# Need vin verification by chp for car registration



## dcparg (May 22, 2015)

So im registering the 69 gto and need to do a vin verification done. Besides the vin on the dash and the plate on the cowl is there any other locations?


----------



## Jared (Apr 19, 2013)

What state are you registering in? Not every state requires the vin check to be performed on cars as old as yours. Besides, the inspection sight should know where to look for the vin#'s they need. The last time I had this done in RI they only checked the vin inside the door jam.


----------



## chuckha62 (Apr 5, 2010)

There's an additional stamp on the frame (usually the top of the left rail behind the driver's door), if they have a need to verify that the tag has not been swapped. They know where to look but for your peace of mind, you can verify for yourself with a flash light and a small hand mirror.


----------



## Pinion head (Jan 3, 2015)

chuckha62 said:


> There's an additional stamp on the frame (usually the top of the left rail behind the driver's door), if they have a need to verify that the tag has not been swapped. They know where to look but for your peace of mind, you can verify for yourself with a flash light and a small hand mirror.


The partial VIN stamping under the door, or behind that going up the frame sweep, both are early A-body confidential locations, the above the door location on top of the frame was also continued at the Flint plant (think '70-71 Stage1 cars & GSX's), have never ran across it on any other '67-72's and have pulled way too many frames.
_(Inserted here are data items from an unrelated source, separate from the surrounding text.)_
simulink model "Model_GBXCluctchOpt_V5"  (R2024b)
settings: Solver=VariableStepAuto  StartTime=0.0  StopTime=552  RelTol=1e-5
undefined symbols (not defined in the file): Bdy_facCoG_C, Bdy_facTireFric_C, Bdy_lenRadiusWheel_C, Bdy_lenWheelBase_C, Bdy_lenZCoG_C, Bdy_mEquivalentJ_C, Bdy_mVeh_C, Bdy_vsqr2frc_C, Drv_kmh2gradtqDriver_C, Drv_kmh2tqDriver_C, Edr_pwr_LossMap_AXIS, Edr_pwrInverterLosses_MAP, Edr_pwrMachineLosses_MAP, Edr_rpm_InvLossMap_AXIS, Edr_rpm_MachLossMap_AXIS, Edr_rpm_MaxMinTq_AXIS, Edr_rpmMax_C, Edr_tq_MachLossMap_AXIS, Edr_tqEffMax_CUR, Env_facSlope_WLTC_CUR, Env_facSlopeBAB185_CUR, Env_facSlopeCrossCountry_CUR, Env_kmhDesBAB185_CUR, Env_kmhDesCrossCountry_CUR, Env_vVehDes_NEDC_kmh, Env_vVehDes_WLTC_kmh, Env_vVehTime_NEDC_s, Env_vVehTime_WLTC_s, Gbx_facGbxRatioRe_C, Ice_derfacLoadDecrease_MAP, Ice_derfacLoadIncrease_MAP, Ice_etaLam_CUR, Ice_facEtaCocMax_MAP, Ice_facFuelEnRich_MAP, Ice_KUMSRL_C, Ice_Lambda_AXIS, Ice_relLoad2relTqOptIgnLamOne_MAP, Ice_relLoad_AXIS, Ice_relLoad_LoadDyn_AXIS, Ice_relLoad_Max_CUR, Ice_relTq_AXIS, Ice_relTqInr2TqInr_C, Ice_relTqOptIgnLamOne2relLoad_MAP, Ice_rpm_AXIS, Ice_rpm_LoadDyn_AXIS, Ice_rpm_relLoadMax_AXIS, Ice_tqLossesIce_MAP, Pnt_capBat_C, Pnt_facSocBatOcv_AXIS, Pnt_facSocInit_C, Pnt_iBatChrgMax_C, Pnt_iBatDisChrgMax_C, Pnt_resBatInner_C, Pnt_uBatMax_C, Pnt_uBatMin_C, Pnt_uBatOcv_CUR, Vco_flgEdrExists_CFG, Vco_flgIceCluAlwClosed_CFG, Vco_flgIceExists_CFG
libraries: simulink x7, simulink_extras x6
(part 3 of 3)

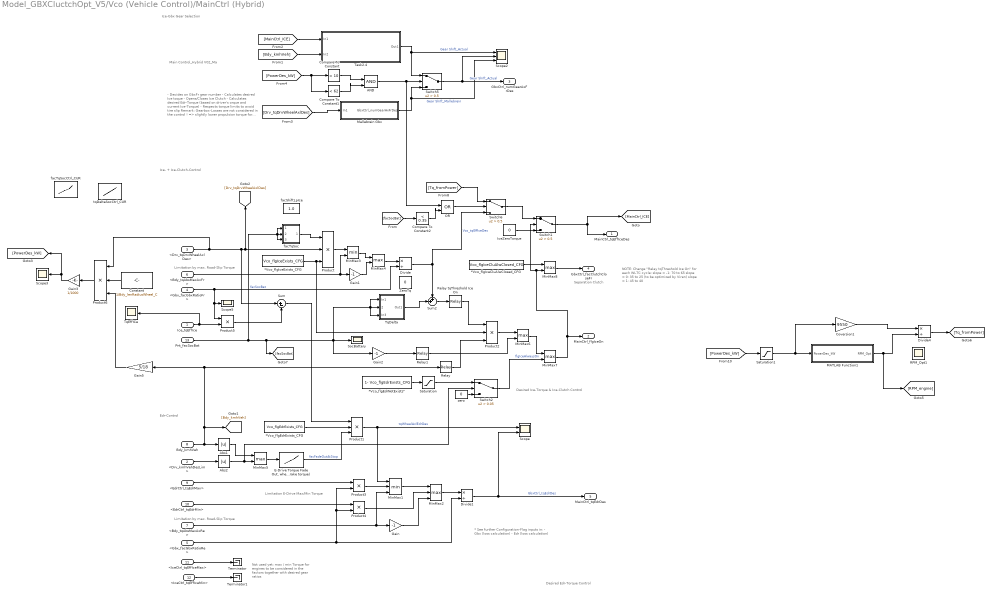
== system Model_GBXCluctchOpt_V5/Vco (Vehicle Control)/MainCtrl (Hybrid) ==
  note: Separation Clutch
  note: * See further Configuration-Flag inputs in:
      |    - Gbx (loss calculation)
      |    - Edr (loss calculation)
  note: Limitation E-Drive Max/Min Torque
  note: Not used yet:
      | max / min Torque for engines
      | to be considered in the factors
      | together with desired gear ratios
  note: Limitation by max. Road-Slip Torque
  note: Main Control_Hybrid V02_Ma
  note: - Decides on GbxFr gear number
      | - Calculates desired Ice toque
      | - Opens/Closes Ice Clutch
      | - Calculates desired Edr-Torque
      |   (based on driver's orque and current Ice-Torque)
      | - Respects torque limits to avoid tire slip
      |
      | Remark:
      | Gearbox-Losses are not considered in the control !
      | => slightly lower propulsion torque for Edr and Ice
      | => also in torque limitation
  note: Desired Ice-Torque & Ice-Clutch Control
  note: Desired Edr-Torque Control
  note: Limitation by max. Road-Slip Torque
  note: Edr-Control
  note: Ice- + Ice-Clutch-Control
  note: Ice-Gbx Gear Selection
  note: NOTE: Change "Relay tqThreshold Ice On" for each WLTC cycle:
      |
      | slope = -1: 70 to 65
      |
      | slope = 0: 35 to 25 (to be optimized by Viren)
      |
      | slope = 1: 45 to 40
  Ice_tqEffIce : Inport
  <Drv_kmhVehDesLim> : Inport  Port=2
  <Drv_tqDrvWheelAxlDes> : Inport  Port=3
  <Gbx_facGbxRatioFr> : Inport  Port=4
  <Gbx_facGbxRatioRe> : Inport  Port=5
  <Bdy_tqAbsMaxAxFr> : Inport  Port=6
  <Bdy_tqAbsMaxAxRe> : Inport  Port=7
  Bdy_kmhVeh : Inport  Port=8
  <EdrCtrl_tqEdrMax> : Inport  Port=9
  <EdrCtrl_tqEdrMin> : Inport  Port=10
  <IceCtrl_tqEffIceMax> : Inport  Port=11
  <IceCtrl_tqEffIceMin> : Inport  Port=12
  Pnt_facSocBat : Inport  Port=13
  *Vco_flgEdrExists_CFG : Constant  Value=Vco_flgEdrExists_CFG
  "*Vco_flgEdrNotExists\"" : Constant  Value=1- Vco_flgEdrExists_CFG
  *Vco_flgIceCluAlwClosed_CFG : Constant  Value=Vco_flgIceCluAlwClosed_CFG
  *Vco_flgIceExists_CFG : Constant  Value=Vco_flgIceExists_CFG
  AND : Logic  IconShape=distinctive  AllPortsSameDT=off  OutDataTypeStr=boolean
  Abs1 : Abs  ZeroCross=off  SaturateOnIntegerOverflow=off
  Abs2 : Abs  ZeroCross=off  SaturateOnIntegerOverflow=off
  Compare To Constant : simulink/Logic and Bit Operations/Compare To Constant  relop=>  const=10  OutDataTypeStr=boolean
  Compare To Constant1 : simulink/Logic and Bit Operations/Compare To Constant  relop=<  const=62  OutDataTypeStr=boolean
  Compare To Constant2 : simulink/Logic and Bit Operations/Compare To Constant  relop=<  const=0.35  OutDataTypeStr=boolean
  Constant : Constant  Value=1/Bdy_lenRadiusWheel_C
  Coversion1 : Gain  Gain=9550
  Divide : Product  Inputs=*/
  Divide1 : Product  Inputs=*/
  Divide4 : Product  Inputs=*/
  "E-Drive Torque Fade Out, when vehicle stops (To be harmonized with desired brake torque)" : Lookup_n-D  NumberOfTableDimensions=1  BreakpointsForDimension1=[-0.1 0 0.1 0.2]  Table="[ 0  1  1  1]"  InternalRulePriority=Speed  RndMeth=Simplest
  Gain : Gain  Gain=-1
  Gain1 : Gain  Gain=-1
  Gain2 : Gain  Gain=-1
  Gain3 : Gain  Gain=1/1000
  Gain5 : Gain  Gain=5/18
  IceZeroTorque : Constant  Value=0
  MATLAB Function1 : MATLAB Function  TreatAsAtomicUnit=on
  Mallebrein Gbx : Subsystem
  MinMax1 : MinMax  Inputs=3
  MinMax2 : MinMax  Function=max  Inputs=3  ZeroCross=off
  MinMax3 : MinMax  Inputs=2
  MinMax{4..8} (5 alike) : MinMax  Function=max  Inputs=2  ZeroCross=off
  OR : Logic  Operator=OR  IconShape=distinctive  AllPortsSameDT=off  OutDataTypeStr=boolean
  Product{,1..2,6} (4 alike) : Product  Inputs=3
  Product3 : Product
  Product4 : Product
  Product5 : Product
  RPM_Opt1 : Scope
  Relay : Relay  OnSwitchValue=30  OffSwitchValue=20
  Relay tqThreshold Ice On : Relay  OnSwitchValue=70  OffSwitchValue=65
  Relay1 : Relay  OnSwitchValue=-0.35  OffSwitchValue=-.38
  Saturation : Saturate  UpperLimit=1  LowerLimit=0
  Saturation1 : Saturate  UpperLimit=inf  LowerLimit=0
  Scope : Scope  NumInputPorts=2
  Scope2 : Scope  NumInputPorts=3
  Scope3 : Scope
  Scope5 : Scope
  SocBattery : Scope
  Sum : Sum  Inputs=|+-
  Sum2 : Sum  Inputs=++|
  Switch1 : Switch  Criteria=u2 > Threshold  Threshold=0.5  SaturateOnIntegerOverflow=off  InputSameDT=off
  Switch2 : Switch  Criteria=u2 > Threshold  Threshold=0.05  ZeroCross=off  SaturateOnIntegerOverflow=off  InputSameDT=off
  Switch5 : Switch  Criteria=u2 > Threshold  Threshold=0.5  SaturateOnIntegerOverflow=off  InputSameDT=off
  Switch6 : Switch  Criteria=u2 > Threshold  Threshold=0.5  SaturateOnIntegerOverflow=off  InputSameDT=off
  Task2.4 : Subsystem
  Terminator : Terminator
  Terminator1 : Terminator
  TqDelta : Subsystem
  TqEffICe : Scope
  ZeroTq : Constant  Value=0
  facShiftLpIce : Constant  Value=1.0
  facTqSoc : Subsystem
  facTqSocCtrl_CUR : Lookup_n-D  NumberOfTableDimensions=1  BreakpointsForDimension1="[0    0.1   0.2   0.3  0.4    0.6      0.7  0.8   0.9      1]"  Table="[1.4  1.3  1.2  1.1   1.05  0.95    0.9   0.8   0.65  0.5]"  ExtrapMethod=Clip  InternalRulePriority=Speed  RndMeth=Simplest
  tqDeltaSocCtrl_CUR : Lookup_n-D  NumberOfTableDimensions=1  BreakpointsForDimension1="[0    0.1   0.2   0.3  0.4  0.6  0.7  0.8   0.9    1]"  Table="[20  15    10     5     0    -5    -15    -30   -50  -70]"  ExtrapMethod=Clip  InternalRulePriority=Speed  RndMeth=Simplest
  zero : Constant  Value=0
  MainCtrl_tqEffIceDes : Outport
  MainCtrl_flgIceOn : Outport  Port=2
  GbxCtrl_numGearAxFrDes : Outport  Port=3
  GbxCtrl_facClutchCloseFr : Outport  Port=4
  MainCtrl_tqEdrDes : Outport  Port=5
  wires:
  Divide1/1 -> MainCtrl_tqEdrDes/1, Scope/2  "GbxCtrl_tqEdrDes"
  <Gbx_facGbxRatioFr>/1 -> Scope5/1, Product5/1, Divide/2
  <Gbx_facGbxRatioRe>/1 -> Divide1/2, Product4/2, Product3/2
  Product/1 -> MinMax3/1
  *Vco_flgIceExists_CFG/1 -> Product/3, Product2/2
  MinMax1/1 -> MinMax2/1
  Product1/1 -> MinMax1/1, Scope/1  "tqWheelAxlEdrDes"
  Gain/1 -> MinMax2/3
  MinMax2/1 -> Divide1/1
  MinMax4/1 -> Divide/1
  <Bdy_tqAbsMaxAxFr>/1 -> MinMax3/2, Gain1/1
  MinMax3/1 -> MinMax4/1
  Gain1/1 -> MinMax4/2
  Product3/1 -> MinMax1/2
  <EdrCtrl_tqEdrMax>/1 -> Product3/1
  Product4/1 -> MinMax2/2
  <EdrCtrl_tqEdrMin>/1 -> Product4/1
  <IceCtrl_tqEffIceMax>/1 -> Terminator/1
  <IceCtrl_tqEffIceMin>/1 -> Terminator1/1
  <Bdy_tqAbsMaxAxRe>/1 -> MinMax1/3, Gain/1
  <Drv_kmhVehDesLim>/1 -> Abs2/1
  Abs1/1 -> MinMax5/1
  Abs2/1 -> MinMax5/2, Switch2/2
  MinMax5/1 -> "E-Drive Torque Fade Out, when vehicle stops (To be harmonized with desired brake torque)"/1
  "E-Drive Torque Fade Out, when vehicle stops (To be harmonized with desired brake torque)"/1 -> Product1/3  "facFadeOutAtStop"
  IceZeroTorque/1 -> Switch1/3
  Sum/1 -> Product1/1
  Product5/1 -> Sum/2
  Ice_tqEffIce/1 -> TqEffICe/1, Product5/2
  MinMax7/1 -> Switch1/2, MinMax8/2, MainCtrl_flgIceOn/1
  *Vco_flgEdrExists_CFG/1 -> Product1/2
  Product2/1 -> MinMax6/1
  "*Vco_flgEdrNotExists\""/1 -> Saturation/1
  Switch2/1 -> MinMax7/2  "flgIceAlwaysOn"
  MinMax8/1 -> GbxCtrl_facClutchCloseFr/1
  *Vco_flgIceCluAlwClosed_CFG/1 -> MinMax8/1
  Saturation/1 -> Switch2/1
  zero/1 -> Switch2/3
  <Drv_tqDrvWheelAxlDes>/1 -> Product6/1, Product/2, [Drv_tqDrvWheelAxlDes], Sum/1
  Divide/1 -> Sum2/1, Switch6/3  "Vco_tqEffIceDes"
  Relay tqThreshold Ice On/1 -> Product2/1
  Sum2/1 -> Relay tqThreshold Ice On/1
  Pnt_facSocBat/1 -> [facSocBat], Gain2/1, TqDelta/3(In3), TqDelta/1(In1), TqDelta/2(Pnt_facSocBat), SocBattery/1, facTqSoc/1(Pnt_facSocBat), facTqSoc/2(In2), facTqSoc/3(In3)  "facSocBat"
  TqDelta/1(Out1) -> Sum2/2
  facTqSoc/1(Out1) -> Product/1
  Bdy_kmhVeh/1 -> Abs1/1, Gain5/1, Relay/1, [Bdy_kmhVeh]
  [Drv_tqDrvWheelAxlDes] -> Mallebrein Gbx/1(In1)
  [Bdy_kmhVeh] -> Task2.4/2(In2)
  Switch1/1 -> MainCtrl_tqEffIceDes/1, [MainCtrl_ICE]
  [MainCtrl_ICE] -> Task2.4/1(In1)
  Relay/1 -> Product2/3
  Gain2/1 -> Relay1/1
  Relay1/1 -> MinMax6/2
  MinMax6/1 -> MinMax7/1
  Product6/1 -> Gain3/1
  Constant/1 -> Product6/2
  Gain3/1 -> [PowerDes_kW], Scope3/1
  [PowerDes_kW] -> Compare To Constant1/1, Compare To Constant/1
  Compare To Constant/1 -> AND/1
  Compare To Constant1/1 -> AND/2
  Gain5/1 -> Product6/3
  ? -> RPM_Opt1/1
  Divide4/1 -> [Tq_fromPower]
  Coversion1/1 -> Divide4/1
  MATLAB Function1/1(RPM_Opt) -> [RPM_engine], Divide4/2
  [PowerDes_kW] -> Saturation1/1
  Mallebrein Gbx/1(GbxCtrl_numGearAxFrDes) -> Scope2/3, Switch5/3  "Gear Shift_Mallebrein"
  Saturation1/1 -> Coversion1/1, MATLAB Function1/1(PowerDes_kW)
  Switch6/1 -> Switch1/1
  [facSocBat] -> Compare To Constant2/1
  AND/1 -> Switch5/2, OR/1
  Compare To Constant2/1 -> OR/2
  OR/1 -> Switch6/2
  [Tq_fromPower] -> Switch6/1
  Task2.4/1(Out1) -> Switch5/1, Scope2/1  "Gear Shift_Actual"
  Switch5/1 -> Scope2/2, GbxCtrl_numGearAxFrDes/1  "Gear Shift_Actual"

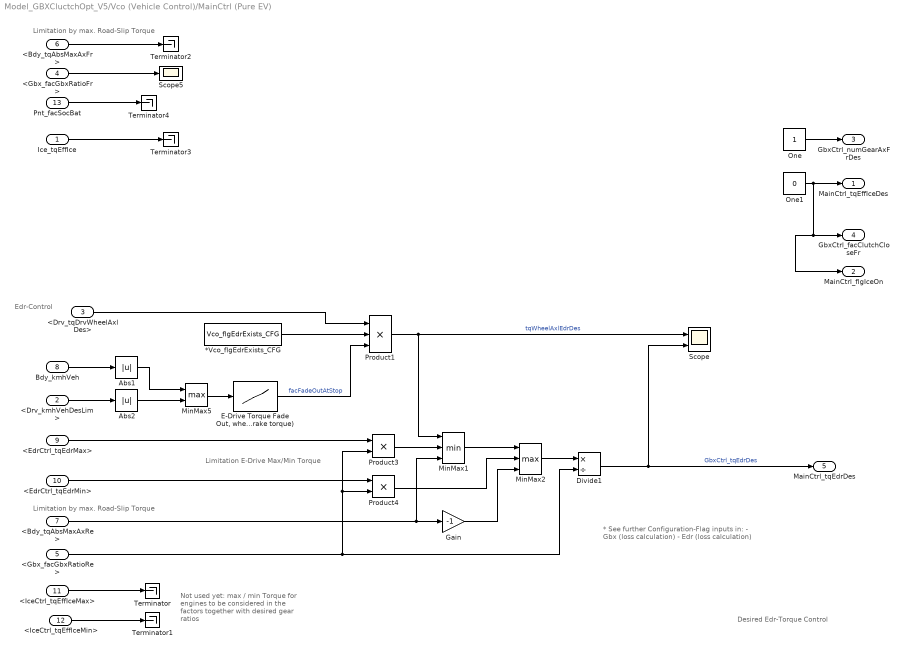
== system Model_GBXCluctchOpt_V5/Vco (Vehicle Control)/MainCtrl (Pure EV) ==
  note: * See further Configuration-Flag inputs in:
      |    - Gbx (loss calculation)
      |    - Edr (loss calculation)
  note: Limitation E-Drive Max/Min Torque
  note: Not used yet:
      | max / min Torque for engines
      | to be considered in the factors
      | together with desired gear ratios
  note: Limitation by max. Road-Slip Torque
  note: Desired Edr-Torque Control
  note: Limitation by max. Road-Slip Torque
  note: Edr-Control
  Ice_tqEffIce : Inport
  <Drv_kmhVehDesLim> : Inport  Port=2
  <Drv_tqDrvWheelAxlDes> : Inport  Port=3
  <Gbx_facGbxRatioFr> : Inport  Port=4
  <Gbx_facGbxRatioRe> : Inport  Port=5
  <Bdy_tqAbsMaxAxFr> : Inport  Port=6
  <Bdy_tqAbsMaxAxRe> : Inport  Port=7
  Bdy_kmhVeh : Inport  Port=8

On the partial VIN stamp on the frame, the stamping on at least '67-72 Pontiac A bodys is on top of the LH rear frame rail in an area above aprox where the tail pipe hanger attaches. One can carefully remove the 3 body mount mount bolts starting with the one near the seat belt retractor, then the one below the trunk floor, and finally the one at the rear corner of the frame. After removal of these three body bolts, can usually jack up the body enough to be able to use a piece of sandpaper or a very small wire bruch on top of the frame rail frame centered between those two rear body bolts. With a mirror and a flashlight, should be able to see the partial VIN. If the car is from back east or up north and saw harsh winters, the frame is going to be pitted enough, that there is a good chance, road spray pitted even the top of the rear frame rail and the partial VIN stamp will be illegible.

Last, if the '69 is built out of the Baltimore plant, there should be a partial VIN stamping behind the heater or AC box. Baltimore plant was the first to start doing that on A-bodys. Hope this helps.


----------



## dcparg (May 22, 2015)

I tried having a vin verification but the only two places i found was on the cowl and dash, there is none on the any of the doors or door frames. They couldnt complete the verification since the cowl has only partial vin and not complete. car was built in calif if that helps?


----------



## Pinion head (Jan 3, 2015)

Being a Fremont build, the confidential is on top of the left rear frame rail where I previously noted it. Own several Fremont built Pontiacs, and have parted many many more '69-71 Fremont built A bodys and the confidential was always in that spot on top of the frame rail.

On the VIN attached to the dash, looking at the ends of it, are the heads of the special rosette (scalloped headed) rivets showing attaching the VIN plate? If the rivets on this '69 are just regular round alum headed pop rivets, you have serious problems. Have to go back to early '65 models to run across common round headed pop rivets used by GM on VIN plates. That style rivet was a real problem for theft prevention, and thus the special rosette headed rivets came into use. 

The body tag (cowl tag) will not contain he VIN. The body style prefix, either 24237 (hardtop) or 24267 (GTO convert) should be stamped on it. The number after that, is the body number and will not match the VIN on the dash. There will be no confidential stamped on the cowl face under the heater box or AC box, as it a Fremont build. 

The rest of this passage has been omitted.